Пульхерия Августа, про которую говорил «милый друг Васенька» и которая давно уж грезилась царевне, возрождается на земле русской! Пришло-таки это блаженное время; все старое горе, все старые опасения, тяжелая, страшная борьба окончены и следа от них не осталось…
Счастье и слава! О, как привольно дышится, как весело теперь смотрят эти низенькие, причудливо изукрашенные покойчики, по которым идет царевна в тихий приют своей рабочей комнаты.
Мягкие, горячие краски наступающего вечера на все кладут какой-то таинственный отпечаток, сглаживают и изменяют формы предметов. И не узнает царевна с детства знакомой обстановки. Ей кажется, что раздвигаются перед нею стены, что шествует она, гордо неся свою прекрасную голову, по какому-то чудному, сотканному из золота и самоцветных камней пути, а перед нею храм славы, где высится престол, ею воздвигнутый.
Среди этих грез, вся объятая сознанием своего величия и счастья, вошла она к себе и затворила за собою двери. И вдруг лицом к лицу восстала перед нею какая-то неведомая ей высокая женская фигура. Разлетелись грезы царевны.
– Кто это? – спросила она, невольно отшатнувшись.
Лицо неведомой женщины было покрыто фатой. Изодранная, местами запачканная кровью одежда была на ней. Вот бледная рука страшной гостьи сорвала с лица фату: перед царевной Люба Кадашева.

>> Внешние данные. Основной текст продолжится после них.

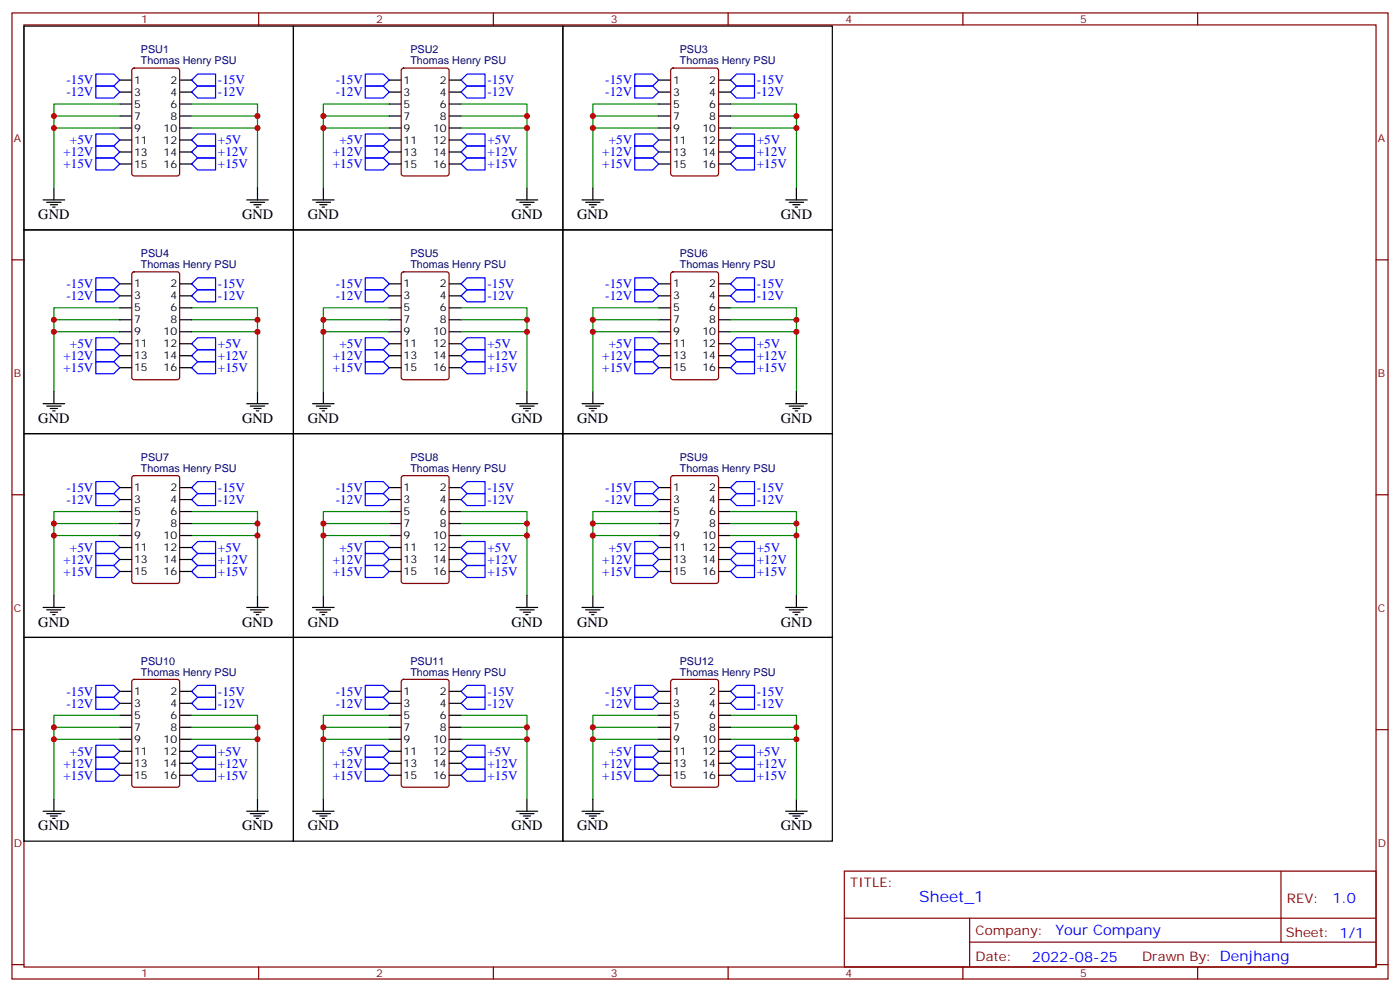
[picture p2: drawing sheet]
<svg xmlns="http://www.w3.org/2000/svg" width="412mm" height="292mm" viewBox="0 0 412 292" stroke-linecap="round" stroke-linejoin="round" font-family="sans-serif">
<g fill="none" stroke="#870000" stroke-width=".35">
<path d="M3.5 3.8h405.4v284.3h-405.4zM7.1 7.3h398.2v277.3h-398.2zM76.2 3.8v3.5M145.3 3.8v3.5M214.5 3.8v3.5M283.6 3.8v3.5M352.8 3.8v3.5M39 20.2l.5-.2h12.7l.7 .5v30.6l-.4 .6-13 .1-.6-.5-.1-30.6zM118.4 20.2l.5-.2h12.7l.6 .5 .1 30.6-.5 .6-12.9 .1-.7-.5v-30.6zM197.8 20.2l.5-.2h12.7l.6 .5 .1 30.6-.5 .6-12.9 .1-.7-.5v-30.6zM3.5 76.5h3.6M405.3 76.5h3.6"/>
<path d="M39 80.2l.5-.2h12.7l.7 .4v30.7l-.4 .6-13 .1-.6-.5-.1-30.6zM118.4 80.2l.5-.2h12.7l.6 .4 .1 30.7-.5 .6-12.9 .1-.7-.5v-30.6zM197.8 80.2l.5-.2h12.7l.6 .4 .1 30.7-.5 .6-12.9 .1-.7-.5v-30.6zM3.5 145.6h3.6M39 140.2l.5-.2h12.7l.7 .4v30.6l-.4 .7h-13l-.6-.4-.1-30.6zM118.4 140.2l.5-.2h12.7l.6 .4 .1 30.6-.5 .7h-12.9l-.7-.4v-30.6zM197.8 140.2l.5-.2h12.7l.6 .4 .1 30.6-.5 .7h-12.9l-.7-.4v-30.6zM405.3 145.6h3.6M3.5 214.8h3.6M39 200.2l.5-.2h12.7l.7 .4v30.6l-.4 .6-13 .1-.6-.5-.1-30.5zM118.4 200.2l.5-.2h12.7l.6 .4 .1 30.6-.5 .6-12.9 .1-.7-.5v-30.5zM197.8 200.2l.5-.2h12.7l.6 .4 .1 30.6-.5 .6-12.9 .1-.7-.5v-30.5z"/>
<path d="M405.3 214.8h3.6M248.7 256.4h156.6v28.2h-156.6zM377.3 256.4v20.9M248.7 270.2h156.5M285.6 277.3h119.6M285.6 270.2v14.2M3.5 283.9h3.6M76.2 284.6v3.5M145.3 284.6v3.5M214.5 284.6v3.5M283.6 284.6v3.5M352.8 284.6v3.5"/>
<path d="M405.3 283.9h3.6"/>
</g>
<g fill="none" stroke="#000" stroke-width=".35">
<path d="M7.1 7.7h79.3v60h-79.3zM86.4 7.7h79.4v60h-79.4zM165.8 7.7h79.4v60h-79.4zM35.3 23.6h3.5M35.3 27.1h3.5M35.3 30.6h3.5M35.3 34.1h3.5M35.3 37.7h3.5M52.9 23.6h3.5M52.9 27.1h3.5M52.9 30.6h3.5M52.9 34.1h3.5"/>
<path d="M52.9 37.7h3.5M114.7 23.6h3.5M114.7 27.1h3.5M114.7 30.6h3.5M114.7 34.1h3.5M114.7 37.7h3.5M132.3 23.6h3.5M132.3 27.1h3.5M132.3 30.6h3.5M132.3 34.1h3.5M132.3 37.7h3.5M194 23.6h3.6"/>
<path d="M194 27.1h3.6M194 30.6h3.6M194 34.1h3.6M194 37.7h3.6M211.7 23.6h3.5M211.7 27.1h3.5M211.7 30.6h3.5M211.7 34.1h3.5M211.7 37.7h3.5M12.7 58.8h6.3M13.8 59.5h4.2M15.9 55.3v3.5"/>
<path d="M35.3 41.2h3.5M35.3 44.7h3.5M35.3 48.3h3.5M52.9 41.2h3.5M52.9 44.7h3.5M52.9 48.3h3.5M72.7 58.8h6.3M73.7 59.5h4.3M75.8 55.3v3.5M92.1 58.8h6.3M93.1 59.5h4.3M95.2 55.3v3.5"/>
<path d="M114.7 41.2h3.5M114.7 44.7h3.5M114.7 48.3h3.5M132.3 41.2h3.5M132.3 44.7h3.5M132.3 48.3h3.5M152 58.8h6.4M153.1 59.5h4.2M155.2 55.3v3.5M171.4 58.8h6.4M172.5 59.5h4.2M174.6 55.3v3.5"/>
<path d="M194 41.2h3.6M194 44.7h3.6M194 48.3h3.6M211.7 41.2h3.5M211.7 44.7h3.5M211.7 48.3h3.5M231.4 58.8h6.4M232.5 59.5h4.2M234.6 55.3v3.5M7.1 67.7h79.3v59.9h-79.3zM14.8 60.3h2.1M15.5 61h.7"/>
<path d="M74.8 60.3h2.1M75.5 61h.7M86.4 67.7h79.4v59.9h-79.4zM94.2 60.3h2.1M94.9 61h.7M154.2 60.3h2.1M154.9 61h.7M165.8 67.7h79.4v59.9h-79.4zM173.6 60.3h2.1M174.3 61h.7M233.5 60.3h2.2M234.2 61h.7"/>
<path d="M35.3 83.5h3.5M35.3 87.1h3.5M35.3 90.6h3.5M35.3 94.1h3.5M35.3 97.6h3.5M52.9 83.5h3.5M52.9 87.1h3.5M52.9 90.6h3.5M52.9 94.1h3.5M52.9 97.6h3.5M114.7 83.5h3.5M114.7 87.1h3.5"/>
<path d="M114.7 90.6h3.5M114.7 94.1h3.5M114.7 97.6h3.5M132.3 83.5h3.5M132.3 87.1h3.5M132.3 90.6h3.5M132.3 94.1h3.5M132.3 97.6h3.5M194 83.5h3.6M194 87.1h3.6M194 90.6h3.6M194 94.1h3.6"/>
<path d="M194 97.6h3.6M211.7 83.5h3.5M211.7 87.1h3.5M211.7 90.6h3.5M211.7 94.1h3.5M211.7 97.6h3.5M12.7 118.8h6.3M13.8 119.5h4.2M15.9 115.3v3.5M35.3 101.2h3.5M35.3 104.7h3.5M35.3 108.2h3.5"/>
<path d="M52.9 101.2h3.5M52.9 104.7h3.5M52.9 108.2h3.5M72.7 118.8h6.3M73.7 119.5h4.3M75.8 115.3v3.5M92.1 118.8h6.3M93.1 119.5h4.3M95.2 115.3v3.5M114.7 101.2h3.5M114.7 104.7h3.5M114.7 108.2h3.5"/>
<path d="M132.3 101.2h3.5M132.3 104.7h3.5M132.3 108.2h3.5M152 118.8h6.4M153.1 119.5h4.2M155.2 115.3v3.5M171.4 118.8h6.4M172.5 119.5h4.2M174.6 115.3v3.5M194 101.2h3.6M194 104.7h3.6M194 108.2h3.6"/>
<path d="M211.7 101.2h3.5M211.7 104.7h3.5M211.7 108.2h3.5M231.4 118.8h6.4M232.5 119.5h4.2M234.6 115.3v3.5M7.1 127.6h79.3v60h-79.3zM14.8 120.2h2.1M15.5 120.9h.7M74.8 120.2h2.1M75.5 120.9h.7M86.4 127.6h79.4v60h-79.4z"/>
<path d="M94.2 120.2h2.1M94.9 120.9h.7M154.2 120.2h2.1M154.9 120.9h.7M165.8 127.6h79.4v60h-79.4zM173.6 120.2h2.1M174.3 120.9h.7M233.5 120.2h2.2M234.2 120.9h.7M35.3 143.5h3.5M35.3 147h3.5M35.3 150.6h3.5"/>
<path d="M35.3 154.1h3.5M35.3 157.6h3.5M52.9 143.5h3.5M52.9 147h3.5M52.9 150.6h3.5M52.9 154.1h3.5M52.9 157.6h3.5M114.7 143.5h3.5M114.7 147h3.5M114.7 150.6h3.5M114.7 154.1h3.5M114.7 157.6h3.5"/>
<path d="M132.3 143.5h3.5M132.3 147h3.5M132.3 150.6h3.5M132.3 154.1h3.5M132.3 157.6h3.5M194 143.5h3.6M194 147h3.6M194 150.6h3.6M194 154.1h3.6M194 157.6h3.6M211.7 143.5h3.5M211.7 147h3.5"/>
<path d="M211.7 150.6h3.5M211.7 154.1h3.5M211.7 157.6h3.5M12.7 178.8h6.3M13.8 179.5h4.2M15.9 175.3v3.5M35.3 161.1h3.5M35.3 164.7h3.5M35.3 168.2h3.5M52.9 161.1h3.5M52.9 164.7h3.5M52.9 168.2h3.5"/>
<path d="M72.7 178.8h6.3M73.7 179.5h4.3M75.8 175.3v3.5M92.1 178.8h6.3M93.1 179.5h4.3M95.2 175.3v3.5M114.7 161.1h3.5M114.7 164.7h3.5M114.7 168.2h3.5M132.3 161.1h3.5M132.3 164.7h3.5M132.3 168.2h3.5"/>
<path d="M152 178.8h6.4M153.1 179.5h4.2M155.2 175.3v3.5M171.4 178.8h6.4M172.5 179.5h4.2M174.6 175.3v3.5M194 161.1h3.6M194 164.7h3.6M194 168.2h3.6M211.7 161.1h3.5M211.7 164.7h3.5M211.7 168.2h3.5"/>
<path d="M231.4 178.8h6.4M232.5 179.5h4.2M234.6 175.3v3.5M7.1 187.6h79.3v60h-79.3zM14.8 180.2h2.1M15.5 180.9h.7M74.8 180.2h2.1M75.5 180.9h.7M86.4 187.6h79.4v60h-79.4zM94.2 180.2h2.1M94.9 180.9h.7M154.2 180.2h2.1"/>
<path d="M154.9 180.9h.7M165.8 187.6h79.4v60h-79.4zM173.6 180.2h2.1M174.3 180.9h.7M233.5 180.2h2.2M234.2 180.9h.7M35.3 203.5h3.5M35.3 207h3.5M35.3 210.5h3.5M35.3 214.1h3.5M35.3 217.6h3.5M52.9 203.5h3.5"/>
<path d="M52.9 207h3.5M52.9 210.5h3.5M52.9 214.1h3.5M52.9 217.6h3.5M114.7 203.5h3.5M114.7 207h3.5M114.7 210.5h3.5M114.7 214.1h3.5M114.7 217.6h3.5M132.3 203.5h3.5M132.3 207h3.5M132.3 210.5h3.5"/>
<path d="M132.3 214.1h3.5M132.3 217.6h3.5M194 203.5h3.6M194 207h3.6M194 210.5h3.6M194 214.1h3.6M194 217.6h3.6M211.7 203.5h3.5M211.7 207h3.5M211.7 210.5h3.5M211.7 214.1h3.5M211.7 217.6h3.5"/>
<path d="M12.7 238.8h6.3M13.8 239.5h4.2M15.9 235.2v3.6M35.3 221.1h3.5M35.3 224.6h3.5M35.3 228.2h3.5M52.9 221.1h3.5M52.9 224.6h3.5M52.9 228.2h3.5M72.7 238.8h6.3M73.7 239.5h4.3M75.8 235.2v3.6"/>
<path d="M92.1 238.8h6.3M93.1 239.5h4.3M95.2 235.2v3.6M114.7 221.1h3.5M114.7 224.6h3.5M114.7 228.2h3.5M132.3 221.1h3.5M132.3 224.6h3.5M132.3 228.2h3.5M152 238.8h6.4M153.1 239.5h4.2M155.2 235.2v3.6"/>
<path d="M171.4 238.8h6.4M172.5 239.5h4.2M174.6 235.2v3.6M194 221.1h3.6M194 224.6h3.6M194 228.2h3.6M211.7 221.1h3.5M211.7 224.6h3.5M211.7 228.2h3.5M231.4 238.8h6.4M232.5 239.5h4.2M234.6 235.2v3.6"/>
<path d="M14.8 240.2h2.1M15.5 240.9h.7M74.8 240.2h2.1M75.5 240.9h.7M94.2 240.2h2.1M94.9 240.9h.7M154.2 240.2h2.1M154.9 240.9h.7M173.6 240.2h2.1M174.3 240.9h.7M233.5 240.2h2.2M234.2 240.9h.7"/>
</g>
<g fill="none" stroke="#00f" stroke-width=".35">
<path d="M28.2 21.8h5.3l1.8 1.8-1.8 1.7h-5.3zM28.2 25.3h5.3l1.8 1.8-1.8 1.8h-5.3zM28.2 39.4h5.3l1.8 1.8-1.8 1.8h-5.3zM56.4 27.1l1.8-1.8h5.3v3.6h-5.3zM58.2 39.4h5.3v3.6h-5.3l-1.8-1.8zM58.2 21.8h5.3v3.5h-5.3l-1.8-1.7zM107.6 39.4h5.3l1.8 1.8-1.8 1.8h-5.3zM107.6 25.3h5.3l1.8 1.8-1.8 1.8h-5.3zM107.6 21.8h5.3l1.8 1.8-1.8 1.7h-5.3zM135.8 27.1l1.8-1.8h5.3v3.6h-5.3zM137.6 21.8h5.3v3.5h-5.3l-1.8-1.7zM137.6 39.4h5.3v3.6h-5.3l-1.8-1.8z"/>
<path d="M187 39.4h5.3l1.7 1.8-1.7 1.8h-5.3zM187 25.3h5.3l1.7 1.8-1.7 1.8h-5.3zM187 21.8h5.3l1.7 1.8-1.7 1.7h-5.3zM215.2 27.1l1.8-1.8h5.2v3.6h-5.2zM217 21.8h5.2v3.5h-5.2l-1.8-1.7zM217 39.4h5.2v3.6h-5.2l-1.8-1.8zM28.2 43h5.3l1.8 1.7-1.8 1.8h-5.3zM28.2 46.5h5.3l1.8 1.8-1.8 1.7h-5.3zM58.2 46.5h5.3v3.5h-5.3l-1.8-1.7zM58.2 43h5.3v3.5h-5.3l-1.8-1.8zM107.6 46.5h5.3l1.8 1.8-1.8 1.7h-5.3zM107.6 43h5.3l1.8 1.7-1.8 1.8h-5.3z"/>
<path d="M137.6 43h5.3v3.5h-5.3l-1.8-1.8zM137.6 46.5h5.3v3.5h-5.3l-1.8-1.7zM187 46.5h5.3l1.7 1.8-1.7 1.7h-5.3zM187 43h5.3l1.7 1.7-1.7 1.8h-5.3zM217 43h5.2v3.5h-5.2l-1.8-1.8zM217 46.5h5.2v3.5h-5.2l-1.8-1.7zM28.2 99.4h5.3l1.8 1.8-1.8 1.7h-5.3zM28.2 85.3h5.3l1.8 1.8-1.8 1.7h-5.3zM28.2 81.8h5.3l1.8 1.7-1.8 1.8h-5.3zM58.2 81.8h5.3v3.5h-5.3l-1.8-1.8zM58.2 85.3h5.3v3.5h-5.3l-1.8-1.7zM58.2 99.4h5.3v3.5h-5.3l-1.8-1.7z"/>
<path d="M107.6 81.8h5.3l1.8 1.7-1.8 1.8h-5.3zM107.6 85.3h5.3l1.8 1.8-1.8 1.7h-5.3zM107.6 99.4h5.3l1.8 1.8-1.8 1.7h-5.3zM137.6 99.4h5.3v3.5h-5.3l-1.8-1.7zM137.6 85.3h5.3v3.5h-5.3l-1.8-1.7zM137.6 81.8h5.3v3.5h-5.3l-1.8-1.8zM187 81.8h5.3l1.7 1.7-1.7 1.8h-5.3zM187 85.3h5.3l1.7 1.8-1.7 1.7h-5.3zM187 99.4h5.3l1.7 1.8-1.7 1.7h-5.3zM217 99.4h5.2v3.5h-5.2l-1.8-1.7zM217 85.3h5.2v3.5h-5.2l-1.8-1.7zM217 81.8h5.2v3.5h-5.2l-1.8-1.8z"/>
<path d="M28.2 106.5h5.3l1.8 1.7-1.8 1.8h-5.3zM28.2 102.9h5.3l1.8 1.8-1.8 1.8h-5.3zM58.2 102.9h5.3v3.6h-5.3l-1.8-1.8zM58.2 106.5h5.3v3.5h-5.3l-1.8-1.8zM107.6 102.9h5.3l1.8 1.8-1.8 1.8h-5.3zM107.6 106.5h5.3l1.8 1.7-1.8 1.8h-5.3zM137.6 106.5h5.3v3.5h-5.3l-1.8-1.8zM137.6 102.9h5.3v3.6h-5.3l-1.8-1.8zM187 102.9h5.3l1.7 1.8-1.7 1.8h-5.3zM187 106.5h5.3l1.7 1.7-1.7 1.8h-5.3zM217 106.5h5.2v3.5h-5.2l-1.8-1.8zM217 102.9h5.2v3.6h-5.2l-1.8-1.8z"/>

Но боже, как она изменилась: сразу и узнать ее невозможно! Куда девалась нежная юность и свежесть ее лица прелестного? Куда девался знойный румянец, блеск черных глаз с поволокою? Тусклы и страшны теперь глаза эти; смертельная бледность покрывает щеки; многими годами состарилась Люба, и ничего не осталось от прежнего ее оживления: будто мертвец перед царевной.
– А, это ты! – помимо своей воли теряясь, проговорила Софья. – Но в каком ты виде, как ты ужасно изменилась! Откуда ты? Что было с тобою?.. Поди переоденься… На тебе кровь, лохмотья… Как смела ты явиться ко мне в такой одежде?
– Мне некуда идти переодеваться, – отвечала Люба глухим голосом, – я пришла навсегда проститься с тобою, царевна…
– Что это значит? Что за выдумки? Как ты говоришь со мною и о чем говоришь ты?
«Она сошла с ума, – подумала Софья. – Но что было с нею? Надо узнать!»
А Люба стояла и странно усмехалась…
– Я знаю, о чем ты думаешь, – наконец заговорила она. – Ты думаешь, что я безумная. Нет, ошибаешься, царевна, – я была безумной, всю жизнь была безумной. Но теперь-то просветлел мой разум, ты меня вылечила. И вот я пришла проститься с тобою… сказать тебе одно слово…
Царевна молчала. Ее тянуло к себе с неотразимою силою это страшное, непонятное лицо Любы, и она глядела на него не отрываясь. И в то же время ей становилось как-то жутко, так, что даже холод пробегал по ее членам.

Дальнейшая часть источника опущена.